The aggregator queries multiple providers in parallel, deduplicates results, and calculates consensus confidence scores.

typescript
import { MetadataAggregator } from "@colibri-hq/sdk/metadata";

const aggregator = new MetadataAggregator(providers, {
  timeout: 30_000, // Total timeout in milliseconds
  deduplicateByIsbn: true, // Merge records with matching ISBNs
  calculateConsensus: true, // Calculate agreement scores
});

Records

Every search returns an array of MetadataRecord objects:

typescript
interface MetadataRecord {
  id: string;
  source: string;
  confidence: number;
  timestamp: Date;

  title?: string;
  authors?: string[];
  isbn?: string[];
  publisher?: string;
  publicationDate?: Date;
  language?: string;
  pageCount?: number;
  subjects?: string[];
  description?: string;
  series?: { name: string; volume?: number };
  coverImage?: { url: string; width?: number; height?: number };
}

Searching for Metadata

Search by ISBN

ISBN searches provide the highest confidence results. The SDK normalizes ISBNs automatically—you can pass ISBN-10 or ISBN-13, with or without hyphens.

typescript
// All of these work
await aggregator.searchByISBN("978-0-14-028329-7");
await aggregator.searchByISBN("9780140283297");
await aggregator.searchByISBN("0-14-028329-7");

Search by Title

Title searches are useful when you don’t have an ISBN. Use exactMatch for precise matching or leave it off for fuzzy search.

typescript
const results = await aggregator.searchByTitle({ title: "The Great Gatsby", exactMatch: false });

Search by Author

Find all books by a specific author:

typescript
const results = await aggregator.searchByCreator({
  name: "F. Scott Fitzgerald",
  fuzzy: true, // Match name variations
});

Combine multiple criteria for more targeted results.
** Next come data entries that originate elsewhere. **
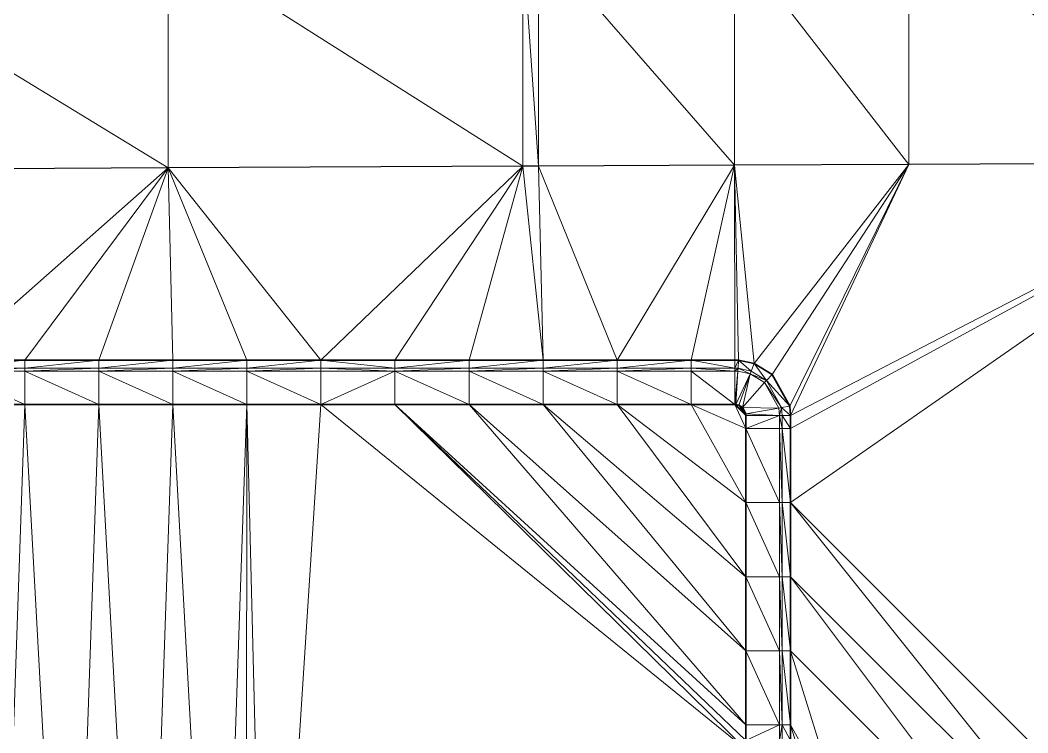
# Model space of a CAD drawing. Header units: metres. Extents: x 246428 to 246884, y 7418966 to 7419490.
# Drawn here: x 246736.88 to 246750.48, y 7419426.48 to 7419436.09 of the extents above; entities that cross this region are included whole.
import ezdxf

# ---------------------------------------------------------------- set-up
doc = ezdxf.new("R2010")
doc.units = ezdxf.units.M
doc.linetypes.add('blank name', pattern=[0])
doc.linetypes.add('HIDDEN', pattern=[9.525, 6.35, -3.175])
doc.layers.add('_12D_UNMAPPED', color=7, linetype='Continuous')
doc.layers.add('BATTER', color=250, linetype='HIDDEN', lineweight=25)
for name, color, linetype, lineweight, true_color in [('KERB_BACK', 7, 'Continuous', 35, 0x5fd2ff), ('KERB_LINE', 7, 'Continuous', 18, 0xb9b9b9), ('KERB_LIP', 7, 'Continuous', 35, 0x5fd2ff), ('KERB_TOP', 7, 'Continuous', 18, 0xb9b9b9)]:
    doc.layers.add(name, color=color, linetype=linetype, lineweight=lineweight, true_color=true_color)

msp = doc.modelspace()

# ---------------------------------------------------------------- linework, layer by layer
at = {"layer": '_12D_UNMAPPED', "color": 3, "linetype": 'blank name', "lineweight": 0}
for points in [[(246733.878, 7419437.147, 34.467), (246738.878, 7419437.159, 34.545), (246738.878, 7419434.097, 35.31)], [(246733.878, 7419437.147, 34.467), (246738.878, 7419434.097, 35.31), (246733.878, 7419434.072, 35.235)], [(246738.878, 7419437.159, 34.545), (246743.668, 7419437.171, 34.62), (246743.668, 7419434.12, 35.382)], [(246738.878, 7419434.097, 35.31), (246738.878, 7419437.159, 34.545), (246743.668, 7419434.12, 35.382)], [(246743.668, 7419437.171, 34.62), (246743.878, 7419437.171, 34.623), (246743.878, 7419434.121, 35.385)], [(246743.668, 7419437.171, 34.62), (246743.878, 7419434.121, 35.385), (246743.668, 7419434.12, 35.382)], [(246743.878, 7419437.171, 34.623), (246746.522, 7419437.178, 34.658), (246746.522, 7419434.133, 35.419)], [(246743.878, 7419437.171, 34.623), (246746.522, 7419434.133, 35.419), (246743.878, 7419434.121, 35.385)], [(246746.522, 7419437.178, 34.658), (246748.878, 7419437.183, 34.686), (246748.878, 7419434.145, 35.445)], [(246746.522, 7419437.178, 34.658), (246748.878, 7419434.145, 35.445), (246746.522, 7419434.133, 35.419)], [(246748.878, 7419437.183, 34.686), (246753.878, 7419437.195, 34.749), (246753.878, 7419434.169, 35.506)], [(246748.878, 7419437.183, 34.686), (246753.878, 7419434.169, 35.506), (246748.878, 7419434.145, 35.445)], [(246740.94, 7419431.505, 35.383), (246738.878, 7419434.097, 35.31), (246743.668, 7419434.12, 35.382)], [(246741.94, 7419431.505, 35.402), (246740.94, 7419431.505, 35.383), (246743.668, 7419434.12, 35.382)], [(246742.94, 7419431.505, 35.42), (246741.94, 7419431.505, 35.402), (246743.668, 7419434.12, 35.382)], [(246743.94, 7419431.505, 35.438), (246742.94, 7419431.505, 35.42), (246743.668, 7419434.12, 35.382)], [(246743.878, 7419434.121, 35.385), (246743.94, 7419431.505, 35.438), (246743.668, 7419434.12, 35.382)], [(246746.522, 7419434.133, 35.419), (246744.94, 7419431.505, 35.456), (246743.878, 7419434.121, 35.385)], [(246744.94, 7419431.505, 35.456), (246743.94, 7419431.505, 35.438), (246743.878, 7419434.121, 35.385)], [(246745.94, 7419431.505, 35.475), (246744.94, 7419431.505, 35.456), (246746.522, 7419434.133, 35.419)], [(246746.53, 7419431.505, 35.485), (246745.94, 7419431.505, 35.475), (246746.522, 7419434.133, 35.419)], [(246748.878, 7419434.145, 35.445), (246746.789, 7419431.459, 35.486), (246746.522, 7419434.133, 35.419)], [(246746.789, 7419431.459, 35.486), (246746.58, 7419431.504, 35.486), (246746.522, 7419434.133, 35.419)], [(246746.58, 7419431.504, 35.486), (246746.53, 7419431.505, 35.485), (246746.522, 7419434.133, 35.419)], [(246747.032, 7419431.312, 35.487), (246746.789, 7419431.459, 35.486), (246748.878, 7419434.145, 35.445)], [(246747.269, 7419430.882, 35.489), (246747.032, 7419431.312, 35.487), (246748.878, 7419434.145, 35.445)], [(246747.28, 7419430.755, 35.49), (246747.269, 7419430.882, 35.489), (246748.878, 7419434.145, 35.445)], [(246753.878, 7419434.169, 35.506), (246747.28, 7419430.755, 35.49), (246748.878, 7419434.145, 35.445)], [(246752.262, 7419424.605, 35.659), (246747.28, 7419429.581, 35.501), (246753.878, 7419434.169, 35.506)], [(246747.28, 7419429.581, 35.501), (246747.28, 7419430.581, 35.491), (246753.878, 7419434.169, 35.506)], [(246747.28, 7419430.581, 35.491), (246747.28, 7419430.755, 35.49), (246753.878, 7419434.169, 35.506)], [(246738.878, 7419434.097, 35.31), (246735.94, 7419431.505, 35.292), (246733.878, 7419434.072, 35.235)], [(246736.94, 7419431.505, 35.31), (246735.94, 7419431.505, 35.292), (246738.878, 7419434.097, 35.31)], [(246737.94, 7419431.505, 35.329), (246736.94, 7419431.505, 35.31), (246738.878, 7419434.097, 35.31)], [(246738.94, 7419431.505, 35.347), (246737.94, 7419431.505, 35.329), (246738.878, 7419434.097, 35.31)], [(246740.94, 7419431.505, 35.383), (246739.94, 7419431.505, 35.365), (246738.878, 7419434.097, 35.31)], [(246739.94, 7419431.505, 35.365), (246738.94, 7419431.505, 35.347), (246738.878, 7419434.097, 35.31)], [(246736.94, 7419431.395, 35.31), (246735.94, 7419431.395, 35.292), (246736.94, 7419431.505, 35.31)], [(246736.94, 7419431.505, 35.31), (246735.94, 7419431.395, 35.292), (246735.94, 7419431.505, 35.292)], [(246736.94, 7419431.355, 35.16), (246735.94, 7419431.355, 35.142), (246736.94, 7419431.395, 35.31)], [(246736.94, 7419431.395, 35.31), (246735.94, 7419431.355, 35.142), (246735.94, 7419431.395, 35.292)], [(246737.94, 7419431.395, 35.329), (246736.94, 7419431.395, 35.31), (246737.94, 7419431.505, 35.329)], [(246737.94, 7419431.505, 35.329), (246736.94, 7419431.395, 35.31), (246736.94, 7419431.505, 35.31)], [(246737.94, 7419431.355, 35.179), (246736.94, 7419431.355, 35.16), (246737.94, 7419431.395, 35.329)], [(246737.94, 7419431.395, 35.329), (246736.94, 7419431.355, 35.16), (246736.94, 7419431.395, 35.31)], [(246738.94, 7419431.395, 35.347), (246737.94, 7419431.395, 35.329), (246738.94, 7419431.505, 35.347)], [(246738.94, 7419431.505, 35.347), (246737.94, 7419431.395, 35.329), (246737.94, 7419431.505, 35.329)], [(246738.94, 7419431.355, 35.197), (246737.94, 7419431.355, 35.179), (246738.94, 7419431.395, 35.347)], [(246738.94, 7419431.395, 35.347), (246737.94, 7419431.355, 35.179), (246737.94, 7419431.395, 35.329)], [(246739.94, 7419431.395, 35.365), (246738.94, 7419431.395, 35.347), (246739.94, 7419431.505, 35.365)], [(246739.94, 7419431.505, 35.365), (246738.94, 7419431.395, 35.347), (246738.94, 7419431.505, 35.347)], [(246739.94, 7419431.355, 35.215), (246738.94, 7419431.355, 35.197), (246739.94, 7419431.395, 35.365)], [(246739.94, 7419431.395, 35.365), (246738.94, 7419431.355, 35.197), (246738.94, 7419431.395, 35.347)], [(246740.94, 7419431.395, 35.383), (246739.94, 7419431.395, 35.365), (246740.94, 7419431.505, 35.383)], [(246740.94, 7419431.505, 35.383), (246739.94, 7419431.395, 35.365), (246739.94, 7419431.505, 35.365)], [(246740.94, 7419431.355, 35.233), (246739.94, 7419431.355, 35.215), (246740.94, 7419431.395, 35.383)], [(246740.94, 7419431.395, 35.383), (246739.94, 7419431.355, 35.215), (246739.94, 7419431.395, 35.365)], [(246741.94, 7419431.395, 35.402), (246740.94, 7419431.505, 35.383), (246741.94, 7419431.505, 35.402)], [(246740.94, 7419431.395, 35.383), (246740.94, 7419431.505, 35.383), (246741.94, 7419431.395, 35.402)], [(246740.94, 7419431.355, 35.233), (246740.94, 7419431.395, 35.383), (246741.94, 7419431.355, 35.252)], [(246741.94, 7419431.355, 35.252), (246740.94, 7419431.395, 35.383), (246741.94, 7419431.395, 35.402)], [(246742.94, 7419431.395, 35.42), (246741.94, 7419431.395, 35.402), (246742.94, 7419431.505, 35.42)], [(246742.94, 7419431.505, 35.42), (246741.94, 7419431.395, 35.402), (246741.94, 7419431.505, 35.402)], [(246742.94, 7419431.355, 35.27), (246741.94, 7419431.355, 35.252), (246742.94, 7419431.395, 35.42)], [(246742.94, 7419431.395, 35.42), (246741.94, 7419431.355, 35.252), (246741.94, 7419431.395, 35.402)], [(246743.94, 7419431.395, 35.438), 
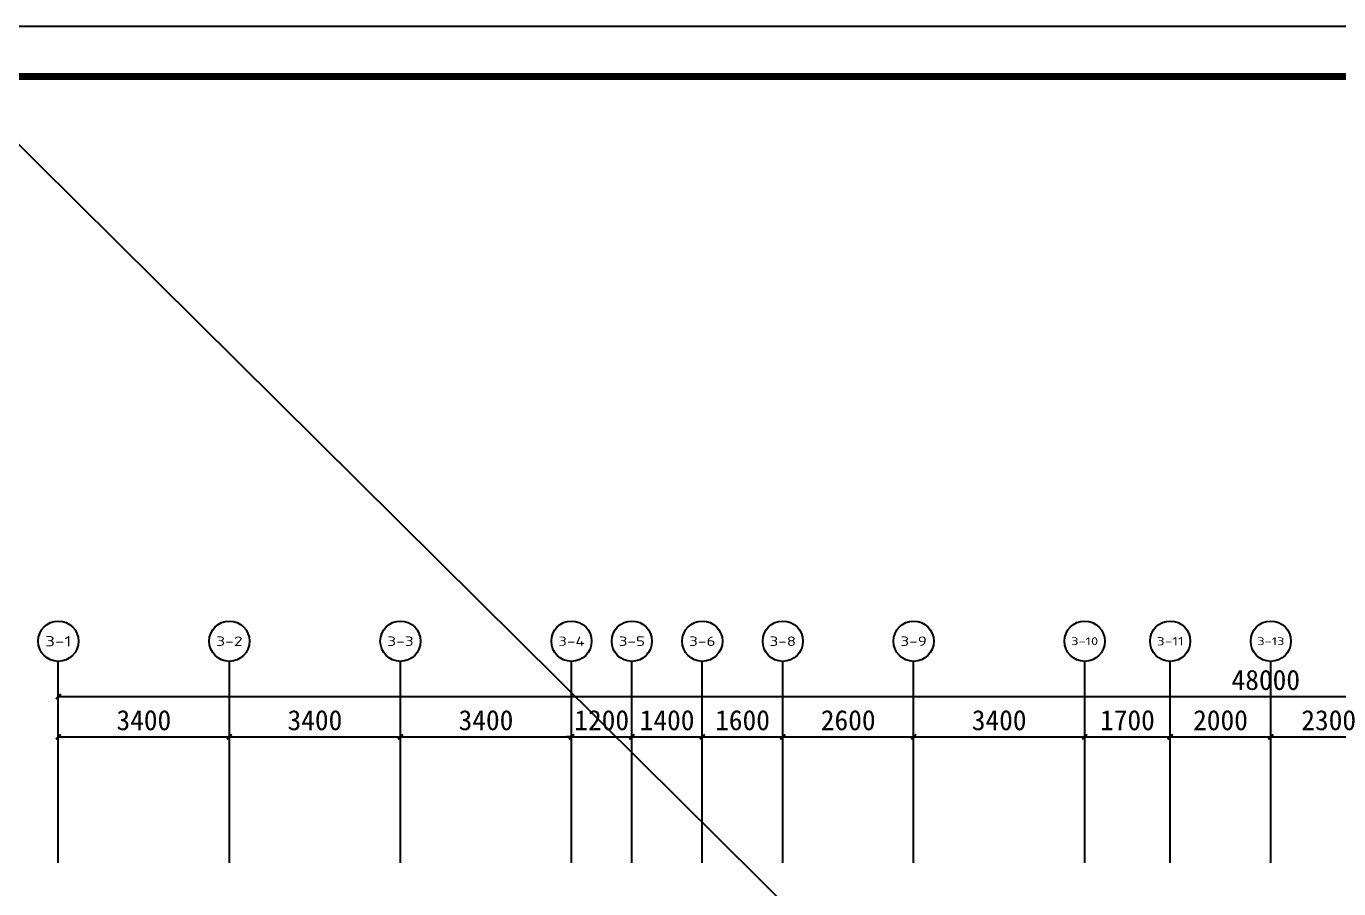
# Model space of a CAD drawing. Extents: x 2378699 to 2462834, y 1041771 to 1211756.
# Drawn here: x 2393799 to 2419886, y 1194603 to 1211738 of the extents above; entities that cross this region are included whole.
import ezdxf
from ezdxf.enums import TextEntityAlignment as Align

# ---------------------------------------------------------------- set-up
doc = ezdxf.new("R2010")
doc.units = 0
doc.header["$LTSCALE"] = 1000
doc.layers.get('0').update_dxf_attribs({"linetype": 'CONTINUOUS'})
doc.layers.get('Defpoints').update_dxf_attribs({"color": 6, "linetype": 'CONTINUOUS'})
for name, color, linetype in [('0p-洞填充', 1, 'CONTINUOUS'), ('AXIS', 3, 'CONTINUOUS'), ('AXIS_TEXT', 7, 'CONTINUOUS'), ('LABEL_FIXBOX_PM', 7, 'CONTINUOUS'), ('LABEL_TXT_PM', 1, 'CONTINUOUS')]:
    doc.layers.add(name, color=color, linetype=linetype)
doc.styles.add('_TCH_AXIS', font='tssdeng.shx', dxfattribs={"width": 0.7, "bigfont": 'tssdchn.shx'})
doc.styles.add('COMPLEX', font='COMPLEX')
doc.styles.add('LABEL_TXT_PM', font='pm_njadri_romans1.shx', dxfattribs={"width": 0.7, "bigfont": 'pm_njadri_hztxt.shx'})
doc.styles.add('黑体', font='simhei.ttf')
doc.dimstyles.new('_TCH_ARCH&&100', dxfattribs={"dimtxt": 400, "dimasz": 100, "dimexe": 250, "dimexo": 300, "dimgap": 126.25, "dimtad": 1, "dimdec": 0, "dimdsep": 46, "dimtxsty": '黑体', "dimblk": 'ARCHTICK', "dimcen": 0.09, "dimclrt": 7, "dimazin": 2, "dimtfac": 1, "dimtdec": 0, "dimtix": 1, "dimtmove": 2, "dimatfit": 3, "dimldrblk": 'ARCHTICK', "dimfxl": 0, "dimtolj": 1, "dimtzin": 0, "dimarcsym": 0})

# ---------------------------------------------------------------- blocks, each defined once
blk = doc.blocks.new('PMSheet_A1_20150113_5-3892016032414355901')
at = {"layer": 'LABEL_FIXBOX_PM'}
blk.add_lwpolyline([(0, 594), (841, 594), (841, 0), (0, 0)], close=True, dxfattribs=at)
at = {"layer": 'LABEL_FIXBOX_PM', "const_width": 1.4}
blk.add_lwpolyline([(831, 584), (25, 584), (25, 10), (831, 10)], close=True, dxfattribs=at)
at = {"layer": 'LABEL_TXT_PM', "style": 'LABEL_TXT_PM'}
for tag, height, width, p in [('修改图应说明理由', 4.5, 0.7, (788.35, 468.8)), ('出图章签名', 4.5, 0.7, (759.46, 338.09)), ('建设单位_U01', 4.5, 0.7, (800.9, 212.14)), ('建设单位', 4.5, 0.7, (800.9, 210.2)), ('建设单位_D01', 4.5, 0.7, (800.9, 207.4)), ('项目名称_U01', 4.5, 0.7, (800.9, 200.42)), ('项目名称', 4.5, 0.7, (800.9, 198.19)), ('项目名称_D01', 4.5, 0.7, (800.9, 195.3)), ('设计编号', 4.5, 0.6, (780.76, 187.9)), ('分项号', 4.5, 0.6, (820.26, 188)), ('项目经理', 4.5, 0.7, (780.26, 172)), ('项目经理签名', 4.5, 0.7, (810.18, 172.26)), ('审定', 4.5, 0.7, (780.26, 163.9)), ('审定签名', 4.5, 0.7, (810.18, 164.16)), ('审核', 4.5, 0.7, (780.26, 156)), ('审核签名', 4.5, 0.7, (810.18, 156.26)), ('项目负责', 4.5, 0.7, (780.26, 148)), ('项目负责签名', 4.5, 0.7, (810.18, 148.26)), ('专业负责', 4.5, 0.7, (780.26, 140)), ('专业负责签名', 4.5, 0.7, (810.18, 140.26)), ('校对', 4.5, 0.7, (780.26, 131.9)), ('校对签名', 4.5, 0.7, (810.18, 132.16)), ('设计', 4.5, 0.7, (780.26, 124)), ('设计签名', 4.5, 0.7, (810.18, 124.26)), ('绘制', 4.5, 0.7, (780.26, 115.9)), ('绘制签名', 4.5, 0.7, (810.18, 116.16)), ('方案_01', 4.5, 0.7, (780.26, 95.9)), ('方案_01签名', 4.5, 0.7, (810.18, 96.16)), ('方案_02', 4.5, 0.7, (780.26, 87.9)), ('方案_02签名', 4.5, 0.7, (810.18, 88.16)), ('方案_03', 4.5, 0.7, (780.29, 79.9)), ('方案_03签名', 4.5, 0.7, (810.2, 80.16)), ('方案_04', 4.5, 0.7, (780.26, 71.9)), ('方案_04签名', 4.5, 0.7, (810.18, 72.16)), ('图名_U02', 4.5, 0.7, (790.5, 60.2)), ('图名_U01', 4.5, 0.7, (790.5, 54.2)), ('图名', 4.5, 0.7, (790.5, 47.96)), ('图名_D01', 4.5, 0.7, (790.5, 42.4)), ('图名_D02', 4.5, 0.7, (790.5, 37)), ('图号', 3.5, 0.7, (760.97, 20.95)), ('图档号', 3.5, 0.7, (781.1, 20.95)), ('日期', 3.5, 0.7, (801.07, 20.95)), ('版本号', 3.5, 0.7, (820.27, 20.95))]:
    blk.add_attdef(tag, text='', height=height, dxfattribs=dict(at, width=width)).set_placement(p, align=Align.CENTER)
blk = doc.blocks.new('_ArchTick')
at = {"color": 0, "linetype": 'ByBlock', "const_width": 0.4}
blk.add_lwpolyline([(-0.5, -0.5), (0.5, 0.5)], dxfattribs=at)
blk = doc.blocks.new('*D77')
at = {"layer": 'AXIS', "color": 0, "lineweight": -2}
for p, q in [((2394436, 1195420), (2394436, 1197870)), ((2397836, 1195420), (2397836, 1197870)), ((2394436, 1197620), (2397836, 1197620))]:
    blk.add_line(p, q, dxfattribs=at)
at = {"layer": 'Defpoints', "color": 0}
for p in [(2397836, 1197620), (2394436, 1195120), (2397836, 1195120)]:
    blk.add_point(p, dxfattribs=at)
at = {"layer": 'AXIS', "color": 0, "lineweight": -2, "xscale": 100, "yscale": 100, "zscale": 100, "rotation": 180}
blk.add_blockref('_ArchTick', (2394436, 1197620), dxfattribs=at)
at = {"layer": 'AXIS', "color": 0, "lineweight": -2, "xscale": 100, "yscale": 100, "zscale": 100}
blk.add_blockref('_ArchTick', (2397836, 1197620), dxfattribs=at)
at = {"layer": 'AXIS', "color": 7, "insert": (2396136, 1197949), "char_height": 400, "attachment_point": 5, "style": '黑体'}
blk.add_mtext('\\A1;3400', dxfattribs=at)
blk = doc.blocks.new('*D78')
at = {"layer": 'AXIS', "color": 0, "lineweight": -2}
for p, q in [((2397836, 1195420), (2397836, 1197870)), ((2401236, 1195420), (2401236, 1197870)), ((2397836, 1197620), (2401236, 1197620))]:
    blk.add_line(p, q, dxfattribs=at)
at = {"layer": 'Defpoints', "color": 0}
for p in [(2401236, 1197620), (2397836, 1195120), (2401236, 1195120)]:
    blk.add_point(p, dxfattribs=at)
at = {"layer": 'AXIS', "color": 0, "lineweight": -2, "xscale": 100, "yscale": 100, "zscale": 100, "rotation": 180}
blk.add_blockref('_ArchTick', (2397836, 1197620), dxfattribs=at)
at = {"layer": 'AXIS', "color": 0, "lineweight": -2, "xscale": 100, "yscale": 100, "zscale": 100}
blk.add_blockref('_ArchTick', (2401236, 1197620), dxfattribs=at)
at = {"layer": 'AXIS', "color": 7, "insert": (2399536, 1197949), "char_height": 400, "attachment_point": 5, "style": '黑体'}
blk.add_mtext('\\A1;3400', dxfattribs=at)
blk = doc.blocks.new('*D79')
at = {"layer": 'AXIS', "color": 0, "lineweight": -2}
for p, q in [((2401236, 1195420), (2401236, 1197870)), ((2404636, 1195420), (2404636, 1197870)), ((2401236, 1197620), (2404636, 1197620))]:
    blk.add_line(p, q, dxfattribs=at)
at = {"layer": 'Defpoints', "color": 0}
for p in [(2404636, 1197620), (2401236, 1195120), (2404636, 1195120)]:
    blk.add_point(p, dxfattribs=at)
at = {"layer": 'AXIS', "color": 0, "lineweight": -2, "xscale": 100, "yscale": 100, "zscale": 100, "rotation": 180}
blk.add_blockref('_ArchTick', (2401236, 1197620), dxfattribs=at)
at = {"layer": 'AXIS', "color": 0, "lineweight": -2, "xscale": 100, "yscale": 100, "zscale": 100}
blk.add_blockref('_ArchTick', (2404636, 1197620), dxfattribs=at)
at = {"layer": 'AXIS', "color": 7, "insert": (2402936, 1197949), "char_height": 400, "attachment_point": 5, "style": '黑体'}
blk.add_mtext('\\A1;3400', dxfattribs=at)
blk = doc.blocks.new('*D80')
at = {"layer": 'AXIS', "color": 0, "lineweight": -2}
for p, q in [((2404636, 1195420), (2404636, 1197870)), ((2405836, 1195420), (2405836, 1197870)), ((2404636, 1197620), (2404536, 1197620)), ((2404636, 1197620), (2405836, 1197620)), ((2405836, 1197620), (2405936, 1197620))]:
    blk.add_line(p, q, dxfattribs=at)
at = {"layer": 'Defpoints', "color": 0}
for p in [(2405836, 1197620), (2404636, 1195120), (2405836, 1195120)]:
    blk.add_point(p, dxfattribs=at)
at = {"layer": 'AXIS', "color": 0, "lineweight": -2, "xscale": 100, "yscale": 100, "zscale": 100}
blk.add_blockref('_ArchTick', (2404636, 1197620), dxfattribs=at)
at = {"layer": 'AXIS', "color": 0, "lineweight": -2, "xscale": 100, "yscale": 100, "zscale": 100, "rotation": 180}
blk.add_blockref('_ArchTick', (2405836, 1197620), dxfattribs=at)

The aggregator uses the most specific criteria available.

typescript
const results = await aggregator.searchMultiCriteria({
  title: "Gatsby",
  authors: ["Fitzgerald"],
  language: "en",
  yearRange: [1920, 1930],
});

Available Providers

Free Providers

These providers require no authentication:

Provider Best for
OpenLibraryMetadataProvider General book metadata, covers
WikiDataMetadataProvider Authority data, linked entities
LibraryOfCongressMetadataProvider Authoritative bibliographic data
ISNIMetadataProvider Author identification
ViafMetadataProvider Virtual authority records
InternetArchiveMetadataProvider Public domain, historical works
CrossrefMetadataProvider Academic works, DOI resolution
DOABMetadataProvider Open access academic books
DNBMetadataProvider German publications
BNBMetadataProvider British publications
typescript
import {
  OpenLibraryMetadataProvider,
  WikiDataMetadataProvider,
  LibraryOfCongressMetadataProvider,
} from "@colibri-hq/sdk/metadata";

const aggregator = new MetadataAggregator([
  new OpenLibraryMetadataProvider(),
  new WikiDataMetadataProvider(),
  new LibraryOfCongressMetadataProvider(),
]);

Authenticated Providers

These providers require API keys:

Provider Registration
GoogleBooksMetadataProvider Google Cloud Console
SpringerNatureMetadataProvider Springer Nature API Portal
ISBNdbMetadataProvider ISBNdb
AmazonPaapiMetadataProvider Amazon Associates
typescript
import { GoogleBooksMetadataProvider } from "@colibri-hq/sdk/metadata";

const googleBooks = new GoogleBooksMetadataProvider({ apiKey: process.env.GOOGLE_BOOKS_API_KEY });

Embedded Metadata

Extract metadata from ebook files (EPUB, MOBI, or PDF):

typescript
import { EmbeddedMetadataProvider } from "@colibri-hq/sdk/metadata";

const provider = new EmbeddedMetadataProvider();
const record = await provider.extractFromFile(file);

// Use the embedded data to search for additional metadata
if (record.isbn?.[0]) {
  const enriched = await aggregator.searchByISBN(record.isbn[0]);
}

Normalization

The SDK provides utilities to normalize metadata into consistent formats.

ISBN Normalization

Convert any ISBN format to a canonical form:

typescript
import { cleanIsbn, isValidIsbn, normalizeIsbn } from "@colibri-hq/sdk/metadata";

// Remove formatting
cleanIsbn("978-0-14-028329-7"); // "9780140283297"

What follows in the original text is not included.